Hello everyone I have a question about compiling Pytorch 1.9 retinanet_resnet50_fpn model, more specific while trying to compile this line (github.com/pytorch/vision/blob/v0.10.0/torchvision/models/detection/_utils.py#L205)
Traced jit graph:
aten::slice: Tensor slice(const Tensor& self, int64_t dim, int64_t start, int64_t end, int64_t step)
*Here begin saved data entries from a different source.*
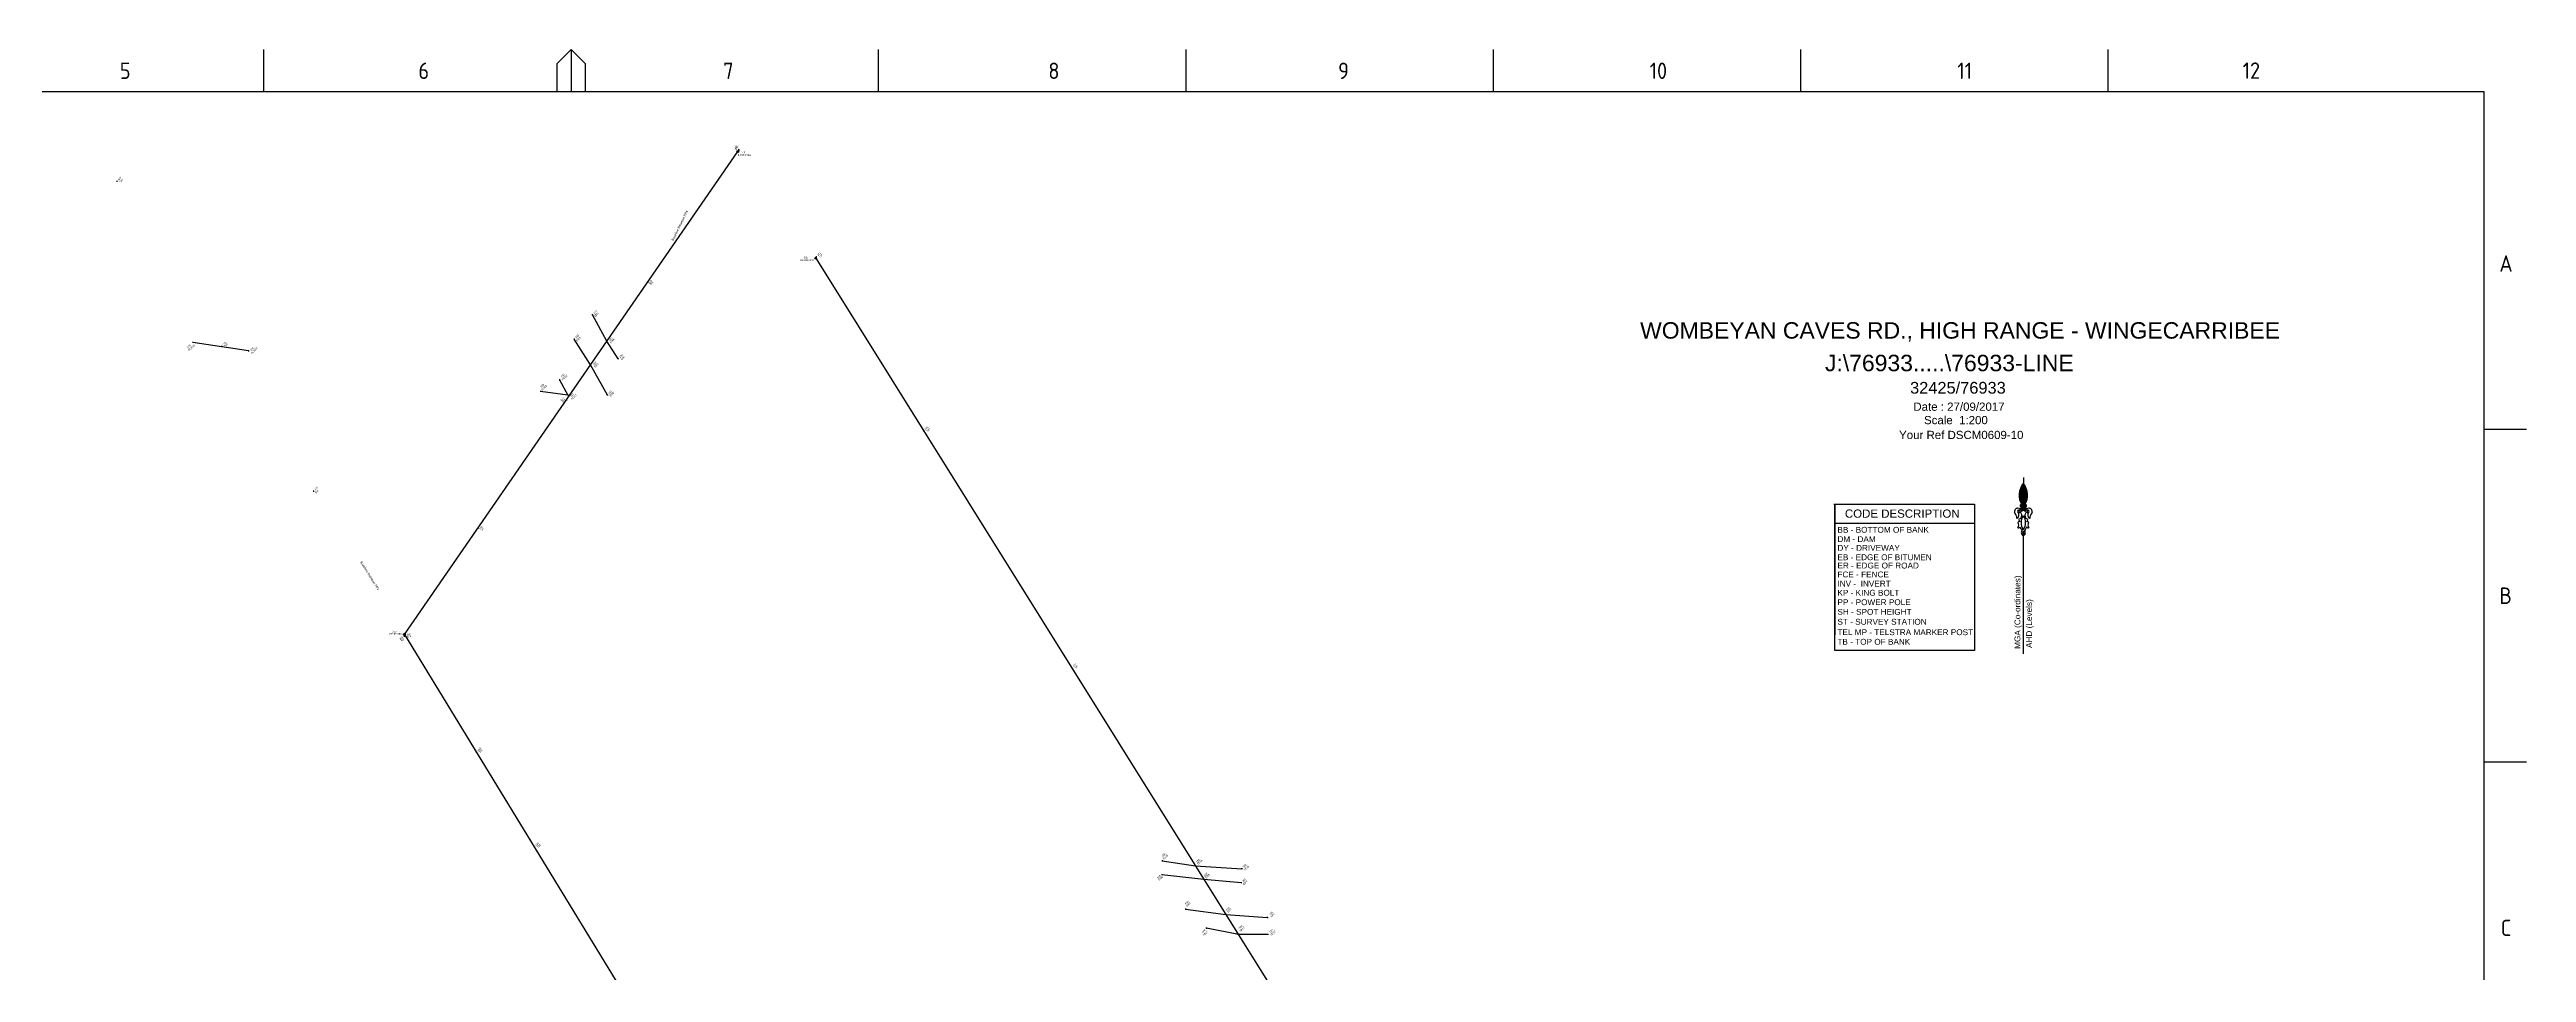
# Paper-space layout 'Survey' of a CAD drawing. Header units: metres. Extents: x -21 to 1959, y -319 to 1237.
# Drawn here: x 285 to 813, y 387 to 583 of the extents above; entities that cross this region are included whole.
import ezdxf
from ezdxf.enums import TextEntityAlignment as Align

# ---------------------------------------------------------------- set-up
doc = ezdxf.new("R2010")
doc.units = ezdxf.units.M
doc.layers.get('0').update_dxf_attribs({"color": 6})
for name, color, linetype in [('Notes', 7, 'Continuous'), ('SupportsUG_SP_EXT', 7, 'Continuous'), ('TEXT1', 7, 'Continuous')]:
    doc.layers.add(name, color=color, linetype=linetype)
doc.styles.add('ARIAL', font='arial.ttf', dxfattribs={"height": 2})
doc.styles.add('iecISOCP', font='isocp.shx')
doc.styles.get("Standard").update_dxf_attribs({"font": 'arial.ttf'})

# ---------------------------------------------------------------- blocks, each defined once
blk = doc.blocks.new('A1_FRAME_TITLE')
at = {"layer": 'Notes', "linetype": 'Continuous'}
for p, q in [((351.17, 574.39), (351.17, 583.39)), ((413.68, 580.39), (416.68, 583.39)), ((416.68, 583.39), (416.68, 574.39)), ((416.68, 583.39), (419.68, 580.39)), ((482.19, 574.39), (482.19, 583.39)), ((547.7, 574.39), (547.7, 583.39)), ((613.21, 574.39), (613.21, 583.39)), ((678.72, 574.39), (678.72, 583.39)), ((744.23, 574.39), (744.23, 583.39)), ((413.68, 574.39), (413.68, 580.39)), ((419.68, 580.39), (419.68, 574.39)), ((833.35, 502.43), (824.35, 502.43)), ((824.37, 431.68), (833.35, 431.68))]:
    blk.add_line(p, q, dxfattribs=at)
at = {"layer": 'Notes', "color": 3, "linetype": 'Continuous'}
blk.add_line((824.37, 5.97), (824.37, 574.39), dxfattribs=at)
at = {"layer": 'Notes', "color": 3, "linetype": 'Continuous', "flags": 128}
blk.add_lwpolyline([(824.37, 574.39), (149.5, 574.39)], dxfattribs=at)
blk.add_attdef('DRAFT_NUM', (29.9, 23.29), '', height=2.5, rotation=90)
at = {"layer": 'Notes', "color": 7, "style": 'iecISOCP'}
for s, p in [('8', (518.36, 577.12)), ('12', (772.87, 577.16)), ('5', (320.5, 577.12)), ('6', (384.13, 577.12)), ('7', (449.08, 577.12)), ('9', (580.11, 577.12)), ('10', (646.5, 577.12)), ('11', (712.06, 577.12)), ('A', (827.58, 536.06)), ('B', (827.58, 465.31)), ('C', (827.87, 394.56))]:
    blk.add_text(s, height=3.5, dxfattribs=at).set_placement(p)
at = {"layer": 'Notes', "color": 7, "style": 'iecISOCP', "flags": 8}
blk.add_attdef('VERSION_NO', text='', height=2.5, rotation=90, dxfattribs=at).set_placement((302.04, 43.81), align=Align.MIDDLE_CENTER)
at = {"layer": 'Notes', "color": 7, "style": 'iecISOCP'}
for tag, p in [('CAP_NO', (513.19, 43.46)), ('IE_NUM', (513.05, 37.81)), ('REF_No_1', (335.24, 32.31)), ('REF_1', (362.52, 32.31)), ('GEN_WO', (441.71, 31.76)), ('HV_SWITCH', (513.46, 32.16)), ('REF_No_2', (335.24, 26.31)), ('REF_2', (362.52, 26.31)), ('OH_WO', (441.71, 25.81)), ('UBD_REF', (513.05, 25.83)), ('REF_No_3', (335.24, 20.31)), ('REF_3', (362.52, 20.31)), ('UG_WO', (441.71, 20.05)), ('GIS_MAP_No', (513.05, 20.04)), ('REF_No_4', (335.24, 14.31)), ('REF_4', (362.52, 14.31)), ('SUB_WO', (441.71, 13.81)), ('HV_OP_DIAG', (513.33, 14.2)), ('LGA', (512.95, 7.78))]:
    blk.add_attdef(tag, p, '', height=2.5, dxfattribs=at)
at = {"layer": 'Notes', "style": 'iecISOCP'}
for tag, p in [('T1', (684.37, 39.47)), ('T2', (684.37, 34.35)), ('T3', (684.37, 28.92)), ('T4', (684.37, 23.66)), ('T5', (684.37, 18.23)), ('T6', (684.37, 12.97))]:
    blk.add_attdef(tag, text='', height=3.5, dxfattribs=at).set_placement(p, align=Align.CENTER)
at = {"layer": 'Notes', "color": 7, "style": 'iecISOCP'}
for tag, p in [('scale', (567.76, 33.27)), ('DRAWN', (567.76, 24.93)), ('DATE', (567.76, 16.88)), ('CHD', (567.76, 8.37)), ('DESIGN', (605.62, 9.15))]:
    blk.add_attdef(tag, text='', height=2.5, dxfattribs=at).set_placement(p, align=Align.CENTER)
at = {"layer": 'Notes', "color": 4, "style": 'iecISOCP'}
blk.add_attdef('NUM', text='', height=7, dxfattribs=at).set_placement((792.37, 20.12), align=Align.MIDDLE_CENTER)
at = {"layer": 'Notes', "color": 1, "style": 'iecISOCP'}
blk.add_attdef('REV', text='', height=5, dxfattribs=at).set_placement((820.05, 17.1), align=Align.CENTER)
at = {"layer": 'Notes', "color": 7, "style": 'iecISOCP'}
for tag, p in [('NS', (790.71, 8.12)), ('SHTS', (805.41, 8.12))]:
    blk.add_attdef(tag, text='', height=2.5, dxfattribs=at).set_placement(p, align=Align.MIDDLE)
at = {"layer": 'Notes', "style": 'iecISOCP'}
blk.add_attdef('ExportID', (9.08, 2.39), '', height=2.5, dxfattribs=at)
at = {"layer": 'Notes', "style": 'iecISOCP', "flags": 1}
for tag, p in [('ProjectType', (14.17, -26.8)), ('ProjectNumber', (23.56, -26.82)), ('DrawingNumber', (35.51, -26.8)), ('ProjectDescription', (47.56, -26.83)), ('ExportDate', (60.28, -26.79)), ('ExportUserName', (69.15, -26.8)), ('DesignerCompanyName', (81.48, -26.79)), ('ExportAreaOfInterest', (97.1, -26.81)), ('GIS_SUCCESS', (112, -26.78)), ('CAD_SUCCESS', (121.79, -26.78)), ('DEPOTCODE', (132.11, -26.88)), ('ExportCategories', (140.08, -26.8)), ('Comments', (154.38, -26.88))]:
    blk.add_attdef(tag, p, '', height=1, dxfattribs=at)
blk = doc.blocks.new('POWER POLE')
h = blk.add_hatch(color=256)
h.paths.add_polyline_path([(-1, 0, 1), (1, 0, 1)])
h.paths.add_polyline_path([(0.7, 0, -1), (-0.7, 0, -1)], flags=16)
for radius in [0.996, 0.563]:
    blk.add_circle((0, 0), radius)
at = {"layer": 'TEXT1', "style": 'ARIAL'}
blk.add_text('PP', height=0.56, rotation=302.7042, dxfattribs=at).set_placement((-0.5, 0.3))
blk = doc.blocks.new('A$C6FB747EE')
for points in [[(3.2, 63.6, 0.90614), (2.7, 62.7, 0.10767), (3.9, 61.5, 0.10767), (5, 62.7, 0.90614), (4.5, 63.6, 0.311515), (3.9, 72.6, 0.311515)], [(3.9, 50.6, 0.430755), (3.9, 52.2, -0.000124), (3.9, 52.2, 0.430358)]]:
    blk.add_hatch(color=2).paths.add_polyline_path(points)
at = {"color": 2}
for p, q in [((3.9, 75.1), (3.9, 72.6)), ((3.9, 0), (3.9, 50.3))]:
    blk.add_line(p, q, dxfattribs=at)
for centre, radius, start, end in [((10, 67.6), 7.94, 141.2167, 210.427), ((3, 63.1), 0.545, 68.3056, 237.0295), ((-2.3, 67.6), 7.94, 329.5656, 38.7759), ((4.7, 63.1), 0.545, 302.9631, 111.687), ((1.5, 60.6), 1.46, 91.9232, 195.1989), ((-3.7, 57.1), 4.88, 6.829, 39.4314), ((0.3, 59.2), 1.68, 298.9941, 34.4555), ((2, 60.7), 0.652, 46.5021, 245.7614), ((1.3, 58.6), 3.47, 43.8934, 88.8986), ((0.4, 55), 1.49, 310.4654, 37.5449), ((1.8, 54.4), 0.693, 237.2444, 335.1543), ((2.1, 55.9), 0.523, 49.8192, 178.7916), ((1.9, 60.4), 0.287, 228.5376, 70.3314), ((3, 57.2), 1.02, 164.9876, 241.7314), ((2.8, 60.5), 0.852, 118.4519, 168.6702), ((1.8, 58.8), 1.36, 278.243, 8.879), ((2.4, 60.2), 1.04, 26.0751, 90.0334), ((6.4, 55.6), 4.28, 200.1882, 223.215), ((3, 60.4), 0.436, 36.5058, 227.6529), ((6, 64.7), 3.86, 212.3923, 236.8447), ((2.3, 59.2), 0.902, 342.3713, 61.6149), ((7.7, 55.9), 4.81, 143.4504, 216.5422), ((4.5, 51.7), 1.53, 113.4742, 246.5925), ((1.8, 64.7), 3.86, 303.1479, 327.6003), ((6.4, 58.6), 3.47, 91.094, 136.0991), ((0, 55.9), 4.81, 323.4504, 36.5422), ((1.9, 55.2), 3.58, 303.7362, 343.1416), ((5.3, 60.2), 1.04, 89.9592, 153.9174), ((4.7, 60.4), 0.436, 312.3397, 143.4868), ((5.4, 59.2), 0.902, 118.3777, 197.6213), ((5.9, 58.8), 1.36, 171.1135, 261.7496), ((4.7, 57.2), 1.02, 298.2612, 15.005), ((5.6, 55.9), 0.523, 1.201, 130.1734), ((5.7, 60.7), 0.652, 294.2312, 133.4905), ((4.9, 60.5), 0.852, 11.3224, 61.5407), ((5.9, 54.4), 0.693, 204.8383, 302.7482), ((5.8, 60.4), 0.287, 109.6612, 311.455), ((7.4, 59.2), 1.68, 145.5371, 240.9985), ((7.3, 55), 1.49, 142.4477, 229.5271), ((6.2, 60.6), 1.46, 344.7937, 88.0694), ((11.4, 57.1), 4.88, 140.5612, 173.1636), ((4.6, 51.4), 1.07, 133.4726, 226.5942), ((3.2, 51.7), 1.53, 293.4, 40.4479), ((3.1, 51.4), 1.07, 313.3984, 46.52)]:
    blk.add_arc(centre, radius, start, end, dxfattribs=at)

psp = doc.layouts.new('Survey')

# ---------------------------------------------------------------- linework, layer by layer
at = {"layer": 'Notes'}
for p, q in [((360.59, 458.78), (431.65, 561.67)), ((431.65, 561.77), (431.65, 561.57)), ((431.84, 562.11), (431.84, 561.91)), ((299.33, 555.41), (299.33, 555.21)), ((448.23, 539.03), (448.23, 538.83)), ((448.23, 538.93), (545.1, 384.04)), ((448.34, 539.32), (448.34, 539.12)), ((412.4, 533.89), (412.4, 533.69)), ((400.66, 526.99), (400.66, 526.79)), ((403.74, 521.26), (400.66, 526.89)), ((315.5, 521.09), (315.5, 520.89)), ((327.36, 519.2), (315.5, 520.99)), ((321.65, 520.23), (321.65, 520.03)), ((327.36, 519.3), (327.36, 519.1)), ((396.8, 521.8), (396.8, 521.6)), ((400.26, 516.23), (396.8, 521.7)), ((403.74, 521.36), (403.74, 521.16)), ((406.13, 517.52), (403.74, 521.26)), ((406.13, 517.62), (406.13, 517.42)), ((393.64, 513.11), (393.64, 512.91)), ((393.64, 513.01), (395.43, 509.78)), ((400.26, 516.33), (400.26, 516.13)), ((403.84, 509.78), (400.26, 516.23)), ((389.62, 510.67), (389.62, 510.47)), ((395.43, 509.78), (389.62, 510.57)), ((395.1, 508.84), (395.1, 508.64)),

%6064 : int = prim::Constant[value=0](), scope: __module.model # /home/ubuntu/.local/lib/python3.6/site-packages/torchvision/models/detection/_utils.py:205:0
%6065 : int = prim::Constant[value=0](), scope: __module.model # /home/ubuntu/.local/lib/python3.6/site-packages/torchvision/models/detection/_utils.py:205:0
%6066 : int = prim::Constant[value=9223372036854775807](), scope: __module.model # /home/ubuntu/.local/lib/python3.6/site-packages/torchvision/models/detection/_utils.py:205:0
%6067 : int = prim::Constan[value=1](), scope: __module.model # /home/ubuntu/.local/lib/python3.6/site-packages/torchvision/models/detection/_utils.py:205:0
%6068 : Float(0, 4, strides=(4, 1], requires_grad=0, device=cpu) = aten::slice(%rel_codes.1, %6064, %6065, %6066, %6067), scope: __module.model # /home/ubuntu/.local/lib/python3.6/site-packages/torchvision/models/detection/_utils.py:205:0
%6069 : int = prim::Constant[value=1](), scope: __module.model # /home/ubuntu/.local/lib/python3.6/site-packages/torchvision/models/detection/_utils.py:205:0
%6070 : int = prim::Constant[value=0](), scope: __module.model # /home/ubuntu/.local/lib/python3.6/site-packages/torchvision/models/detection/_utils.py:205:0
%6071 : int = prim::Constant[value=9223372036854775807](), scope: __module.model # /home/ubuntu/.local/lib/python3.6/site-packages/torchvision/models/detection/_utils.py:205:0
%6072 : int = prim::Constant[value=4](), scope: __module.model # /home/ubuntu/.local/lib/python3.6/site-packages/torchvision/models/detection/_utils.py:205:0
%6073 : Float(0, 1, strides=[4, 4], requires_grad=0, device=cpu) = aten::slice(%6068, %6069, %6070, %6071, %6072), scope: __module.model # /home/ubuntu/.local/lib/python3.6/site-packages/torchvision/models/detection/_utils.py:205:0
My understanding here we get a N by 1 dx vector and later stacked together in _utils.py#L223
while the relay graph generates this
%1804 = adv_index(%1802) /* ty=Tensor[(?, 4), float32] /;
%1844 = where(%1839, %1835, %1838) / ty=Tensor[(2), int32] /;
%1845 = cast(%1843, dtype=“int64”) / ty=Tensor[(2), int64] /;
%1846 = dyn.strided_slice(%1804, %1844, %1845, meta[relay.Constant][88] / ty=Tensor[(2), int32] /, begin=None, end=None, strides=None, axes=None) / ty=Tensor[(?, ?), float32] */;
Later the missing dimension causes an error while unbinding along static dimension in this line
(github.com/pytorch/vision/blob/v0.10.0/torchvision/models/detection/transform.py#L287) \
The error message is this:
in unbind, ishapes: (?, ?)
Traceback (most recent call last):
File “retinanet_test.py”, line 110, in
retina_net_lab()
File “retinanet_test.py”, line 74, in retina_net_lab
mod, params = relay.frontend.from_pytorch(script_module, shape_list)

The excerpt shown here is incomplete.